Now you know how to deal with @configure, @build and @install: these are code blocks allowing you to fix this kind of problems. Non standard build operations happen from time to time, and code blocks help you overcome this. If a lot of packages have the same workarounds, we might add detection and integration into packaging, so that only specifics are kept into recipes.

If you want to investigate a bit more, you can check our recipe repository. Feel free to improve these recipes with meta-data, @watch code blocks… contributions are welcome.

Future of packaging. let's be even more declarative
As we saw, packaging allows maintainers to create very simple and readable recipes. Sometimes we have to confront ourselves to poorly designed build systems, but we can hack a bit. In the future, manual operations should be reduced even more by adding:

  • a few other parameters to the environment
    This implies to check for patterns in the recipes and to provide workarounds.
  • new code blocks before the configuration, build and install steps
    This would allow performing a few hacks in the directory (a quick sed in a file for instance) while still keeping automatic operations.

Another possible addition to packaging could be to take cross-OS recipe as first-class citizen. It was part of the design process of spec files: named sections can be used to discriminate information based on the target OS. An example:

%OS Ubuntu-20.04
	dependencies: libxxx
%OS Debian-12
	dependencies: lib-with-specific-naming-standard-for-reasons

This way, bootstrapping an application and providing it to any system with its own tools could be easy. It's actually what we did during the Baguette's bootstrap.
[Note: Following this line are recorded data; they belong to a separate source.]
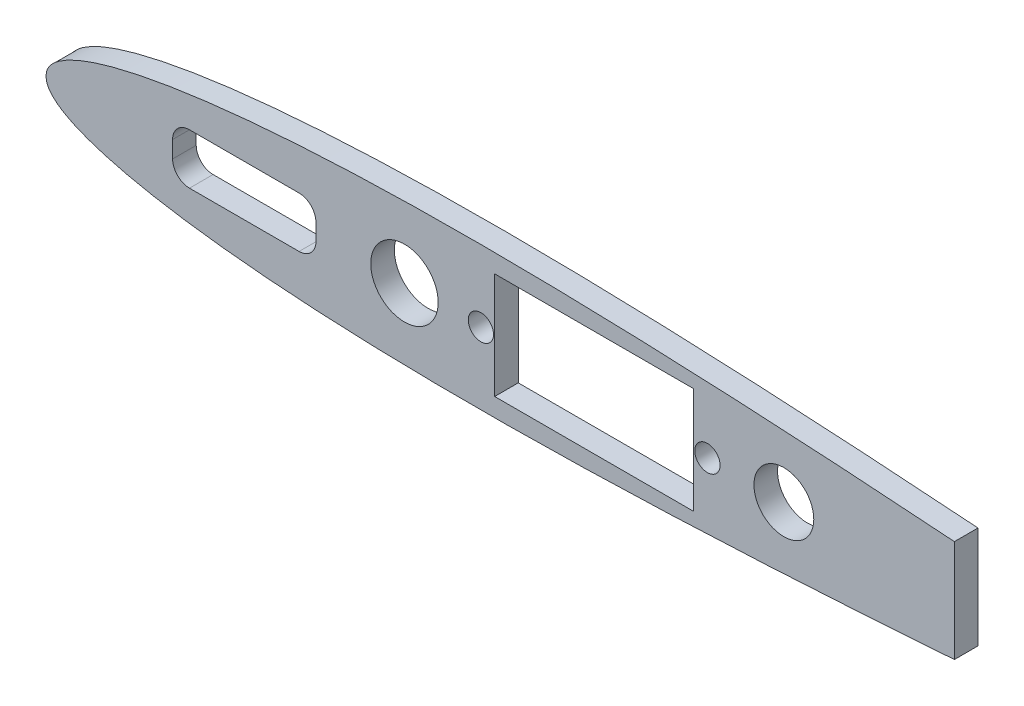
ISO-10303-21;
HEADER;
FILE_DESCRIPTION(('STEP AP214'),'2;1');
FILE_NAME('part.step','',(''),(''),'','','');
FILE_SCHEMA(('AUTOMOTIVE_DESIGN { 1 0 10303 214 1 1 1 1 }'));
ENDSEC;
DATA;
#1=APPLICATION_CONTEXT('core data for automotive mechanical design processes');
#2=APPLICATION_PROTOCOL_DEFINITION('international standard','automotive_design',2000,#1);
#3=PRODUCT_CONTEXT('',#1,'mechanical');
#4=PRODUCT('Part','Part','',(#3));
#5=PRODUCT_RELATED_PRODUCT_CATEGORY('part','',(#4));
#6=PRODUCT_DEFINITION_FORMATION('','',#4);
#7=PRODUCT_DEFINITION_CONTEXT('part definition',#1,'design');
#8=PRODUCT_DEFINITION('design','',#6,#7);
#9=PRODUCT_DEFINITION_SHAPE('','',#8);
#10=(LENGTH_UNIT() NAMED_UNIT(*) SI_UNIT(.MILLI.,.METRE.));
#11=(NAMED_UNIT(*) PLANE_ANGLE_UNIT() SI_UNIT($,.RADIAN.));
#12=(NAMED_UNIT(*) SI_UNIT($,.STERADIAN.) SOLID_ANGLE_UNIT());
#13=UNCERTAINTY_MEASURE_WITH_UNIT(LENGTH_MEASURE(1.E-05),#10,'distance_accuracy_value','');
#14=(GEOMETRIC_REPRESENTATION_CONTEXT(3) GLOBAL_UNCERTAINTY_ASSIGNED_CONTEXT((#13)) GLOBAL_UNIT_ASSIGNED_CONTEXT((#10,
#11,#12)) REPRESENTATION_CONTEXT('',''));
#15=CARTESIAN_POINT('',(0.,0.,0.));
#16=DIRECTION('',(0.,0.,1.));
#17=DIRECTION('',(1.,0.,0.));
#18=AXIS2_PLACEMENT_3D('',#15,#16,#17);
#19=CARTESIAN_POINT('',(217.74763411893,0.,1.4));
#20=DIRECTION('',(1.,0.,0.));
#21=DIRECTION('',(0.,0.,-1.));
#22=AXIS2_PLACEMENT_3D('',#19,#20,#21);
#23=PLANE('',#22);
#24=DIRECTION('',(0.,-1.,0.));
#25=VECTOR('',#24,1.);
#26=CARTESIAN_POINT('',(217.74763411893,0.,-1.4));
#27=LINE('',#26,#25);
#28=CARTESIAN_POINT('',(217.74763411893,6.05811307778919,-1.4));
#29=VERTEX_POINT('',#28);
#30=CARTESIAN_POINT('',(217.74763411893,-6.05811307778918,-1.4));
#31=VERTEX_POINT('',#30);
#32=EDGE_CURVE('E153',#29,#31,#27,.T.);
#33=ORIENTED_EDGE('',*,*,#32,.F.);
#34=DIRECTION('',(0.,0.,-1.));
#35=VECTOR('',#34,1.);
#36=CARTESIAN_POINT('',(217.74763411893,6.05811307778919,1.4));
#37=LINE('',#36,#35);
#38=CARTESIAN_POINT('',(217.74763411893,6.05811307778919,1.4));
#39=VERTEX_POINT('',#38);
#40=EDGE_CURVE('E11',#39,#29,#37,.T.);
#41=ORIENTED_EDGE('',*,*,#40,.F.);
#42=DIRECTION('',(0.,-1.,0.));
#43=VECTOR('',#42,1.);
#44=CARTESIAN_POINT('',(217.74763411893,0.,1.4));
#45=LINE('',#44,#43);
#46=CARTESIAN_POINT('',(217.74763411893,-6.05811307778918,1.4));
#47=VERTEX_POINT('',#46);
#48=EDGE_CURVE('E152',#39,#47,#45,.T.);
#49=ORIENTED_EDGE('',*,*,#48,.T.);
#50=DIRECTION('',(0.,0.,-1.));
#51=VECTOR('',#50,1.);
#52=CARTESIAN_POINT('',(217.74763411893,-6.05811307778918,1.4));
#53=LINE('',#52,#51);
#54=EDGE_CURVE('E110',#47,#31,#53,.T.);
#55=ORIENTED_EDGE('',*,*,#54,.T.);
#56=EDGE_LOOP('',(#33,#41,#49,#55));
#57=FACE_BOUND('',#56,.T.);
#58=ADVANCED_FACE('F35',(#57),#23,.T.);
#59=CARTESIAN_POINT('',(280.,0.1785,1.4));
#60=CARTESIAN_POINT('',(279.592043703671,0.226075897783467,1.4));
#61=CARTESIAN_POINT('',(278.452596210234,0.358958360844463,1.4));
#62=CARTESIAN_POINT('',(276.385426802208,0.596436481937331,1.4));
#63=CARTESIAN_POINT('',(273.651166983567,0.905304265461348,1.4));
#64=CARTESIAN_POINT('',(270.455833183168,1.25859090467058,1.4));
#65=CARTESIAN_POINT('',(266.898988861825,1.64260730411104,1.4));
#66=CARTESIAN_POINT('',(263.047743378214,2.04785660385741,1.4));
#67=CARTESIAN_POINT('',(258.952644661846,2.46718813772148,1.4));
#68=CARTESIAN_POINT('',(253.11611192075,3.04786904369115,1.4));
#69=CARTESIAN_POINT('',(247.071089235748,3.62220530992837,1.4));
#70=CARTESIAN_POINT('',(240.854179313273,4.18491264898859,1.4));
#71=CARTESIAN_POINT('',(236.038226964104,4.60581174883637,1.4));
#72=CARTESIAN_POINT('',(231.150377302514,5.0173511026198,1.4));
#73=CARTESIAN_POINT('',(226.209311113549,5.41695826474113,1.4));
#74=CARTESIAN_POINT('',(221.232257466585,5.802244474926,1.4));
#75=CARTESIAN_POINT('',(216.235178286272,6.17086457697306,1.4));
#76=CARTESIAN_POINT('',(211.232977593233,6.52047434958791,1.4));
#77=CARTESIAN_POINT('',(206.239642946259,6.84887299963153,1.4));
#78=CARTESIAN_POINT('',(201.268368916985,7.15382688632495,1.4));
#79=CARTESIAN_POINT('',(196.331634567492,7.43310533690328,1.4));
#80=CARTESIAN_POINT('',(191.441311474098,7.68460443906704,1.4));
#81=CARTESIAN_POINT('',(186.608700126931,7.90621829286941,1.4));
#82=CARTESIAN_POINT('',(181.844626933159,8.09595849303594,1.4));
#83=CARTESIAN_POINT('',(177.159453511195,8.25195768192942,1.4));
#84=CARTESIAN_POINT('',(172.563150271755,8.37248656398387,1.4));
#85=CARTESIAN_POINT('',(168.065295924147,8.45595366245417,1.4));
#86=CARTESIAN_POINT('',(163.675147454163,8.5010026998616,1.4));
#87=CARTESIAN_POINT('',(159.401643403725,8.50652296727326,1.4));
#88=CARTESIAN_POINT('',(155.253439755899,8.47152880790102,1.4));
#89=CARTESIAN_POINT('',(151.238917925322,8.39550607585732,1.4));
#90=CARTESIAN_POINT('',(147.366223919106,8.27798597685019,1.4));
#91=CARTESIAN_POINT('',(143.643266298458,8.11897556141504,1.4));
#92=CARTESIAN_POINT('',(140.077743555427,7.91867894287145,1.4));
#93=CARTESIAN_POINT('',(136.677139412155,7.67760454203032,1.4));
#94=CARTESIAN_POINT('',(133.44876289533,7.39648056861162,1.4));
#95=CARTESIAN_POINT('',(130.399721685833,7.07642431038863,1.4));
#96=CARTESIAN_POINT('',(127.536961088608,6.71865034112428,1.4));
#97=CARTESIAN_POINT('',(124.867245825052,6.32466607739586,1.4));
#98=CARTESIAN_POINT('',(122.397158973637,5.89612056643678,1.4));
#99=CARTESIAN_POINT('',(120.133109351335,5.43479747619412,1.4));
#100=CARTESIAN_POINT('',(118.081312132678,4.94256764101073,1.4));
#101=CARTESIAN_POINT('',(116.247665797811,4.42139238611828,1.4));
#102=CARTESIAN_POINT('',(114.637939719778,3.87306046577258,1.4));
#103=CARTESIAN_POINT('',(113.256788366372,3.29930923783808,1.4));
#104=CARTESIAN_POINT('',(112.109835923497,2.70130638754162,1.4));
#105=CARTESIAN_POINT('',(111.196336340545,2.07855523302877,1.4));
#106=CARTESIAN_POINT('',(110.530223641577,1.42706975809109,1.4));
#107=CARTESIAN_POINT('',(110.085538217979,0.734230220465984,1.4));
#108=CARTESIAN_POINT('',(110.027578175867,0.236721440142773,1.4));
#109=CARTESIAN_POINT('',(110.,0.,1.4));
#110=B_SPLINE_CURVE_WITH_KNOTS('',3,(#59,#60,#61,#62,#63,#64,#65,#66,#67,#68,#69,#70,#71,#72,
#73,#74,#75,#76,#77,#78,#79,#80,#81,#82,#83,#84,#85,#86,#87,#88,#89,#90,#91,#92,#93,#94,#95,#96,
#97,#98,#99,#100,#101,#102,#103,#104,#105,#106,#107,#108,#109),.UNSPECIFIED.,.F.,.F.,(4,1,1,1,1,
1,1,1,1,1,1,1,1,1,1,1,1,1,1,1,1,1,1,1,1,1,1,1,1,1,1,1,1,1,1,1,1,1,1,1,1,1,1,1,1,1,1,1,4),(0.,
0.00714472364101537,0.0199556607345446,0.0361960612227423,0.0550111837630616,0.0758789375062231,
0.0984288660950085,0.122375554002083,0.147487885417653,0.200459747132314,0.228005170188377,
0.256076453638138,0.284555151070125,0.31333276259982,0.342309553949656,0.371392651251454,
0.400495752426115,0.429537687145242,0.458441905920554,0.487136113386761,0.515551917136779,
0.543623846405843,0.571289984327897,0.598490809568145,0.625169613225281,0.651272029103837,
0.676746157949116,0.701541790883913,0.725611016556625,0.74890783507394,0.771387785068823,
0.793008138575143,0.813728032856974,0.833507815357633,0.852309696093785,0.870097310144046,
0.886835918069106,0.902492781713446,0.917037139140432,0.930441053860646,0.942679762162792,
0.953733567025024,0.963589785484808,0.97224701929817,0.979722225388436,0.986065145275041,
0.991385258303778,0.995900988803729,1.),.UNSPECIFIED.);
#111=DIRECTION('',(0.,0.,-1.));
#112=VECTOR('',#111,1.);
#113=SURFACE_OF_LINEAR_EXTRUSION('',#110,#112);
#114=CARTESIAN_POINT('',(280.,0.1785,-1.4));
#115=CARTESIAN_POINT('',(279.592043703671,0.226075897783467,-1.4));
#116=CARTESIAN_POINT('',(278.452596210234,0.358958360844463,-1.4));
#117=CARTESIAN_POINT('',(276.385426802208,0.596436481937331,-1.4));
#118=CARTESIAN_POINT('',(273.651166983567,0.905304265461348,-1.4));
#119=CARTESIAN_POINT('',(270.455833183168,1.25859090467058,-1.4));
#120=CARTESIAN_POINT('',(266.898988861825,1.64260730411104,-1.4));
#121=CARTESIAN_POINT('',(263.047743378214,2.04785660385741,-1.4));
#122=CARTESIAN_POINT('',(258.952644661846,2.46718813772148,-1.4));
#123=CARTESIAN_POINT('',(253.11611192075,3.04786904369115,-1.4));
#124=CARTESIAN_POINT('',(247.071089235748,3.62220530992837,-1.4));
#125=CARTESIAN_POINT('',(240.854179313273,4.18491264898859,-1.4));
#126=CARTESIAN_POINT('',(236.038226964104,4.60581174883637,-1.4));
#127=CARTESIAN_POINT('',(231.150377302514,5.0173511026198,-1.4));
#128=CARTESIAN_POINT('',(226.209311113549,5.41695826474113,-1.4));
#129=CARTESIAN_POINT('',(221.232257466585,5.802244474926,-1.4));
#130=CARTESIAN_POINT('',(216.235178286272,6.17086457697306,-1.4));
#131=CARTESIAN_POINT('',(211.232977593233,6.52047434958791,-1.4));
#132=CARTESIAN_POINT('',(206.239642946259,6.84887299963153,-1.4));
#133=CARTESIAN_POINT('',(201.268368916985,7.15382688632495,-1.4));
#134=CARTESIAN_POINT('',(196.331634567492,7.43310533690328,-1.4));
#135=CARTESIAN_POINT('',(191.441311474098,7.68460443906704,-1.4));
#136=CARTESIAN_POINT('',(186.608700126931,7.90621829286941,-1.4));
#137=CARTESIAN_POINT('',(181.844626933159,8.09595849303594,-1.4));
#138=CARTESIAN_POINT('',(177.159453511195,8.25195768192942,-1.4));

Providing universal recipes could even become a game for patient system administrators.

Back to top


Service: service management. not just kill or start/stop/status wrapper

Service management often comes with:

  • default configuration files, users should learn how to configure them and do it manually
  • default user and group, so two instances may have security-involved issues
  • a single possible instance, otherwise the configuration has to be heavily changed
  • root-only management, simple users rarely run their own services (except on systemd, kudos for once)
  • no domain management

These shortcomings imply manual configuration, scripting to manage databases and users, specific tooling for each database and service: this is heavy machinery. To overcome drawbacks of having simplistic tools, sys-admins developed all kind of monstrous architectures.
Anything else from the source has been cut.